> [Excerpted records]
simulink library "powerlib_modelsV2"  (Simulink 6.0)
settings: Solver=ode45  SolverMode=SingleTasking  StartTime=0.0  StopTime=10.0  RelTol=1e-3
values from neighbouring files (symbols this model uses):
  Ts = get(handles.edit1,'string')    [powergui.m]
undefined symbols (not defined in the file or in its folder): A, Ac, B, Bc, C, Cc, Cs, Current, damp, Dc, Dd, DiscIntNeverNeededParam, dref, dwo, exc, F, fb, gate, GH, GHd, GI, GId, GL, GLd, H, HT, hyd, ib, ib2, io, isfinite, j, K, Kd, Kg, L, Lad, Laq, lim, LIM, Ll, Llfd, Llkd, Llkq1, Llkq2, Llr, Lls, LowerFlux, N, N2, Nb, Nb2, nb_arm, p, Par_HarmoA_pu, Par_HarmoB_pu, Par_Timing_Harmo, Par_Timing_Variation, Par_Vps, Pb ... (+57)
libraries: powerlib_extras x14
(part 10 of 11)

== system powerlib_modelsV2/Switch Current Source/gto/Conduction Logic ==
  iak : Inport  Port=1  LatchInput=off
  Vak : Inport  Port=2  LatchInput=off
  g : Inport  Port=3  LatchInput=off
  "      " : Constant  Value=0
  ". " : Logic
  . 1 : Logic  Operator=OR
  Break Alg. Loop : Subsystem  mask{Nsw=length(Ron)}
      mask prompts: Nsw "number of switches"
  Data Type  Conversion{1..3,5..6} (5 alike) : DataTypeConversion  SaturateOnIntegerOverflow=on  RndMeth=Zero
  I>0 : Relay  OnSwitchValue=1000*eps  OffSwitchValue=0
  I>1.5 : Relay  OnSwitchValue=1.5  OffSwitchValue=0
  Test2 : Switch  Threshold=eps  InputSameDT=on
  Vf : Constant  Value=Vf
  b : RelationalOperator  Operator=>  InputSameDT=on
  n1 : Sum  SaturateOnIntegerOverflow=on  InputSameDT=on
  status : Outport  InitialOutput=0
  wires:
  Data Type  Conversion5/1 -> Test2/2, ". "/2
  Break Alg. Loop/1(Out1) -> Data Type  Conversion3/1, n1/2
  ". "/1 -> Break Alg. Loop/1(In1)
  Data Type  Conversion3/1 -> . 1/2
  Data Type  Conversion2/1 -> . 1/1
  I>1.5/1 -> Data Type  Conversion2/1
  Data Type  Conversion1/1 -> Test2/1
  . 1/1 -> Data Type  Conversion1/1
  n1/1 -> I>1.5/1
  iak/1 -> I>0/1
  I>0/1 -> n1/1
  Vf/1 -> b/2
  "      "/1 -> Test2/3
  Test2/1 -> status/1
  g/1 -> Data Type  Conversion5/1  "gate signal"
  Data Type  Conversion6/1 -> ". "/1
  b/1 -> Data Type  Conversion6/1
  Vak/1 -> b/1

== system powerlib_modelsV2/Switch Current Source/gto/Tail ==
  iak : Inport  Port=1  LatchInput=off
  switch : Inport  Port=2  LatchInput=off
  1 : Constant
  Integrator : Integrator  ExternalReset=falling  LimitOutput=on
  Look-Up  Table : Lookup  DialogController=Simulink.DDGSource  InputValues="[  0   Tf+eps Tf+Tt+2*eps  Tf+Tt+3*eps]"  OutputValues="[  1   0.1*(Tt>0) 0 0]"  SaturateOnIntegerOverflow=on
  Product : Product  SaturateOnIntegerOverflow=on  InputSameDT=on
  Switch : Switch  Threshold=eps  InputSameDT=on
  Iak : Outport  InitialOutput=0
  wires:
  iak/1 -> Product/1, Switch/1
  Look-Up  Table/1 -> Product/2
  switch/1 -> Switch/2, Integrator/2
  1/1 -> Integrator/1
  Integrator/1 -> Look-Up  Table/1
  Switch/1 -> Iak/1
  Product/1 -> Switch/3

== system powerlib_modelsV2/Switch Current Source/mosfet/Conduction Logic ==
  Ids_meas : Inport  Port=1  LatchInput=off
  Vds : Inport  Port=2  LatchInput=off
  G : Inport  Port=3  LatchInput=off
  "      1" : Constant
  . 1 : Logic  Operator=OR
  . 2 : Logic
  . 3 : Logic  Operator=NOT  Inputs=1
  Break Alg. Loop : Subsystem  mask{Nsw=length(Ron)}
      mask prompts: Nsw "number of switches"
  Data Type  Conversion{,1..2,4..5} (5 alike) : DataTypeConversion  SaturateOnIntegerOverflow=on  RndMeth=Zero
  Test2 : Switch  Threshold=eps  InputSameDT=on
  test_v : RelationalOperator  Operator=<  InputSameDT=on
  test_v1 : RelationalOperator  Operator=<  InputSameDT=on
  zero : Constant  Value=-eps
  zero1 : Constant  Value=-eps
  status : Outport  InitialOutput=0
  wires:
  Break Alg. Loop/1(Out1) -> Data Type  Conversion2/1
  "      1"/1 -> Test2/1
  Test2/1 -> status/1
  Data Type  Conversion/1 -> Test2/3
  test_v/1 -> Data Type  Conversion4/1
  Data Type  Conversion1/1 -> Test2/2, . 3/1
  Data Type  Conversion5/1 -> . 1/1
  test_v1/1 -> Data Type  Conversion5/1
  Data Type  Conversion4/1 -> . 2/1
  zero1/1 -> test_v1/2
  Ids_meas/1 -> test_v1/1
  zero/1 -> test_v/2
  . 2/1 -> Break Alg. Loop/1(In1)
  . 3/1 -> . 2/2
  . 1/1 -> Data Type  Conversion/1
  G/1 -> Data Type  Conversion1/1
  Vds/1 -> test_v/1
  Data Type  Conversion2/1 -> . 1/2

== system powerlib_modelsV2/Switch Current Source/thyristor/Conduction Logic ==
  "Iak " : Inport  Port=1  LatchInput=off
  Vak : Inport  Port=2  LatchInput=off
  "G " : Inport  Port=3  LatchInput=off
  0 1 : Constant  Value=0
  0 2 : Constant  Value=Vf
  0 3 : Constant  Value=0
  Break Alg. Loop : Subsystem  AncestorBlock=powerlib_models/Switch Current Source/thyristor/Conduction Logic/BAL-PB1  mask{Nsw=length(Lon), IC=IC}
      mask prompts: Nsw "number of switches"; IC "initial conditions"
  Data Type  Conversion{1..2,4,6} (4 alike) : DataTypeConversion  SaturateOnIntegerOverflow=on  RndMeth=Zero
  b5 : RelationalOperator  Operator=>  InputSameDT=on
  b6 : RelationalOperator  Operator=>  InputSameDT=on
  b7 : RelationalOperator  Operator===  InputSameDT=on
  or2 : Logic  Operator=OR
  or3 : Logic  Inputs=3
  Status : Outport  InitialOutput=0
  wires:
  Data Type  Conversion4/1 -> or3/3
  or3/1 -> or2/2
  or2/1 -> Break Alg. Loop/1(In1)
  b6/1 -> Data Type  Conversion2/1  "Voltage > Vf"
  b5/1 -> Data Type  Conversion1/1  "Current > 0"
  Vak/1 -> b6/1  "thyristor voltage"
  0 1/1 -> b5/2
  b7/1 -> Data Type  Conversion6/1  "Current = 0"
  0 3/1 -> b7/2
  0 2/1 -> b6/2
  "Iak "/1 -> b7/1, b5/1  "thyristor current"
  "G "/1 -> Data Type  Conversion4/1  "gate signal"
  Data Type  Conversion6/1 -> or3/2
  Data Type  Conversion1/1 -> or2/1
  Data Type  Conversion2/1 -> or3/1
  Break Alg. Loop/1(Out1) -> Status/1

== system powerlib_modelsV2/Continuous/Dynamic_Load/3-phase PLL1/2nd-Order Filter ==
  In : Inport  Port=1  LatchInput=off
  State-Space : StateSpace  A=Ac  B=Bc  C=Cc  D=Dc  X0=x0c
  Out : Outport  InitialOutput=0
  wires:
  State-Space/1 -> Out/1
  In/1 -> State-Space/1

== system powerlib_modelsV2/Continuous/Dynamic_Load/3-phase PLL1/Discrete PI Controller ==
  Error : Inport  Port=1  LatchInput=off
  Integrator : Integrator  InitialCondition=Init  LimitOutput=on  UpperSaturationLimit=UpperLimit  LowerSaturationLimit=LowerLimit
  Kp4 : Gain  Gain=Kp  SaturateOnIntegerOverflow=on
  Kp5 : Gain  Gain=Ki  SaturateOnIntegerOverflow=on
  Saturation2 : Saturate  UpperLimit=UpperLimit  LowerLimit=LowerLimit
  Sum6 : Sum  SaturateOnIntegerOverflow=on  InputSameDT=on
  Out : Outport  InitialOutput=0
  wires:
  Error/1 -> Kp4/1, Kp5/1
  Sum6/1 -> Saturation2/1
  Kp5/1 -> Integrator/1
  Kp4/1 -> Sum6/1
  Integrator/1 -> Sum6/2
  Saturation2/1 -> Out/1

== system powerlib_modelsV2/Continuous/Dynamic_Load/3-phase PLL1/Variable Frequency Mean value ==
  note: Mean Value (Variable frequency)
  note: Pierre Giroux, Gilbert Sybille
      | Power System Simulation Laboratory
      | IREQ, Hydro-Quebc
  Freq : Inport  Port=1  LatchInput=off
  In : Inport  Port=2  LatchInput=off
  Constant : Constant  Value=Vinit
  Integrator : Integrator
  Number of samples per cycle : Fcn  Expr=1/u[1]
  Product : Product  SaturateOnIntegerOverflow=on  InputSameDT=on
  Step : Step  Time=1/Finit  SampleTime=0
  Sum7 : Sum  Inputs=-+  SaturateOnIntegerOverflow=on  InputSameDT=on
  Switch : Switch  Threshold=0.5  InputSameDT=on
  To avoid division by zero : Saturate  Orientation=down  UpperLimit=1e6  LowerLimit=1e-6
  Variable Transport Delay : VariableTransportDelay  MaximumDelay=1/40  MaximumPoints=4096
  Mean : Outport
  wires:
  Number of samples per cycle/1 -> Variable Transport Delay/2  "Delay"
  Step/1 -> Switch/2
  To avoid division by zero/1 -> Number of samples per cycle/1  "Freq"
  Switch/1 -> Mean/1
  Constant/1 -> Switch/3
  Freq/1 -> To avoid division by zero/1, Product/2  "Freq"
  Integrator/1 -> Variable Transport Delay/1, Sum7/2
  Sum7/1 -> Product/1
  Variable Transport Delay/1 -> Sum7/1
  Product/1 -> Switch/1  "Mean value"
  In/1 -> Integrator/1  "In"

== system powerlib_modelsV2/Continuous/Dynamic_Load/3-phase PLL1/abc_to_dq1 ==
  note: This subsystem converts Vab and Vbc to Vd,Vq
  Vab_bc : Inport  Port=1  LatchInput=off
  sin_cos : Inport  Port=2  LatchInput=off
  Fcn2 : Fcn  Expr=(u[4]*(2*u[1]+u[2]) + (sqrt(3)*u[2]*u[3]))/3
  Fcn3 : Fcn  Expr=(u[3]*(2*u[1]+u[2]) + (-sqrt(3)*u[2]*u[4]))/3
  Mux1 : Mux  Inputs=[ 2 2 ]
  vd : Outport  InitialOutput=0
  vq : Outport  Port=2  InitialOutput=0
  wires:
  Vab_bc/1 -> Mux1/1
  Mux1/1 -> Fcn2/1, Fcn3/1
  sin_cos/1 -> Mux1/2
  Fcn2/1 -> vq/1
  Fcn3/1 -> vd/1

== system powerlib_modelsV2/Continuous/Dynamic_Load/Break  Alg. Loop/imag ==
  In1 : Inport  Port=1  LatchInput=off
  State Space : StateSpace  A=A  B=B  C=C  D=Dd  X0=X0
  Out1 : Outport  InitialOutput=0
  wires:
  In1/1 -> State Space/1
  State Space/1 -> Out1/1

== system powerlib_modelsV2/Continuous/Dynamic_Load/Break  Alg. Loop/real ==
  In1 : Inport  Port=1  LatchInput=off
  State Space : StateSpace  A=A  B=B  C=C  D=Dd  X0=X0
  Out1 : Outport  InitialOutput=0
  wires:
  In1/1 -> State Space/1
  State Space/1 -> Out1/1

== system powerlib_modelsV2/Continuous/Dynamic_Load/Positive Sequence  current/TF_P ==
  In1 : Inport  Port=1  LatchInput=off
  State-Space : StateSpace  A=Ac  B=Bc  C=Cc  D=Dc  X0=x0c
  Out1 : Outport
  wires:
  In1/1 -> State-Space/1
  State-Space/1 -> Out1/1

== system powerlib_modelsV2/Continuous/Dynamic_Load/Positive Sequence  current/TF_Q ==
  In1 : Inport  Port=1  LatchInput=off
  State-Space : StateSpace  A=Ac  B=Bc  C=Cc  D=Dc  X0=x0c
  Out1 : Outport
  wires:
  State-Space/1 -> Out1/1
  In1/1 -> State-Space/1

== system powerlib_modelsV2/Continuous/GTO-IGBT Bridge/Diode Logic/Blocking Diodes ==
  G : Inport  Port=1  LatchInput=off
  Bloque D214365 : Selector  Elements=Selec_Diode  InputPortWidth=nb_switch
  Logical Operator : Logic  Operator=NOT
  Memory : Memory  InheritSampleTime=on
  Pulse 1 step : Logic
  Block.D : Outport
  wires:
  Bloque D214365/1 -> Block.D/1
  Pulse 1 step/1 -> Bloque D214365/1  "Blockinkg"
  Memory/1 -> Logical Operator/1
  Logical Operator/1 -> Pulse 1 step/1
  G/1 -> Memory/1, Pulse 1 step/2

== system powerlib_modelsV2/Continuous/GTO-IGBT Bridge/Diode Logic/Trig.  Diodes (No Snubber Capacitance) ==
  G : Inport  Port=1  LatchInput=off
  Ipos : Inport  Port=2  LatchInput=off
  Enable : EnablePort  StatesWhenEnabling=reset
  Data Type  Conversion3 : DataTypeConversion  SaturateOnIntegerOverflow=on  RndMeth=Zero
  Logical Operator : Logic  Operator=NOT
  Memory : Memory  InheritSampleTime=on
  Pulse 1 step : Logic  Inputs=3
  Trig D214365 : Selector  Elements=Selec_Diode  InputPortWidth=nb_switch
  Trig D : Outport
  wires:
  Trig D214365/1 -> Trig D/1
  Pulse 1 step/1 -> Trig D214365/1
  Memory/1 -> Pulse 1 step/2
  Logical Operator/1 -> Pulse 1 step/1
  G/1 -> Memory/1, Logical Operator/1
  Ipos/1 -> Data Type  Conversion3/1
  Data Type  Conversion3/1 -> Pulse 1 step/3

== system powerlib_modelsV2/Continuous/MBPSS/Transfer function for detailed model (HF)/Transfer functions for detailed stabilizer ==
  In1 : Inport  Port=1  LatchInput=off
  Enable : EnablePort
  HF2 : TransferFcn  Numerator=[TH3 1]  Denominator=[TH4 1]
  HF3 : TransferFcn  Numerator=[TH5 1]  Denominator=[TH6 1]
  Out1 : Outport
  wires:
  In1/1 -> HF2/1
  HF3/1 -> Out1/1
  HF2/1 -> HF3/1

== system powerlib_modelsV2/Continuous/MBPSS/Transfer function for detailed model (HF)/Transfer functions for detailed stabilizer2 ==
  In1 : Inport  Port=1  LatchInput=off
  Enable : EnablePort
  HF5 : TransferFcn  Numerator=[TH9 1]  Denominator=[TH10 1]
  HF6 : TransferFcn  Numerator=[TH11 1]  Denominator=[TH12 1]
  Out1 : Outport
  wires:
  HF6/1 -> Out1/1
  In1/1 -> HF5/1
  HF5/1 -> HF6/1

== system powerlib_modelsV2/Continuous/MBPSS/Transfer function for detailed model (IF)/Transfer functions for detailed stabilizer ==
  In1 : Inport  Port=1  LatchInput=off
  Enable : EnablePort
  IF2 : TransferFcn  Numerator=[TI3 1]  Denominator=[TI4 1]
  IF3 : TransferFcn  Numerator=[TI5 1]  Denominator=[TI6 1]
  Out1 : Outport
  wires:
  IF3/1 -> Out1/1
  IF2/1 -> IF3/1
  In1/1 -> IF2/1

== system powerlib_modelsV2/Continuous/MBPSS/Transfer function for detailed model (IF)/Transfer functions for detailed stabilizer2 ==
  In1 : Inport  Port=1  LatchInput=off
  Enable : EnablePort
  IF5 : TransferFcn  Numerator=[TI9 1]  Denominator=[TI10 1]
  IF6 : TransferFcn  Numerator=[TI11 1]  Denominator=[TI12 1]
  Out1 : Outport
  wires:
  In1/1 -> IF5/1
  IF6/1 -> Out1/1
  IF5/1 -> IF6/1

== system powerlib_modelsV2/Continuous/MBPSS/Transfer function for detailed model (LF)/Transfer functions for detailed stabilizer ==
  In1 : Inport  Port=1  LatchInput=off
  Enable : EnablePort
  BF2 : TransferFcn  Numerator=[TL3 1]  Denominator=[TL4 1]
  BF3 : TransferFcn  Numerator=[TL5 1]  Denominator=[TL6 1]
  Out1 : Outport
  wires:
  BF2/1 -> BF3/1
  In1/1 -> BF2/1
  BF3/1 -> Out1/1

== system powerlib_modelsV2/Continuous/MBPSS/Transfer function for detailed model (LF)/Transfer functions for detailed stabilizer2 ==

> [How to complete this task]
Within the entries, find all lines that contain "Transport" and copy each one.

> [Written solution]
  Variable Transport Delay : VariableTransportDelay  MaximumDelay=1/40  MaximumPoints=4096
  Number of samples per cycle/1 -> Variable Transport Delay/2  "Delay"
  Integrator/1 -> Variable Transport Delay/1, Sum7/2
  Variable Transport Delay/1 -> Sum7/1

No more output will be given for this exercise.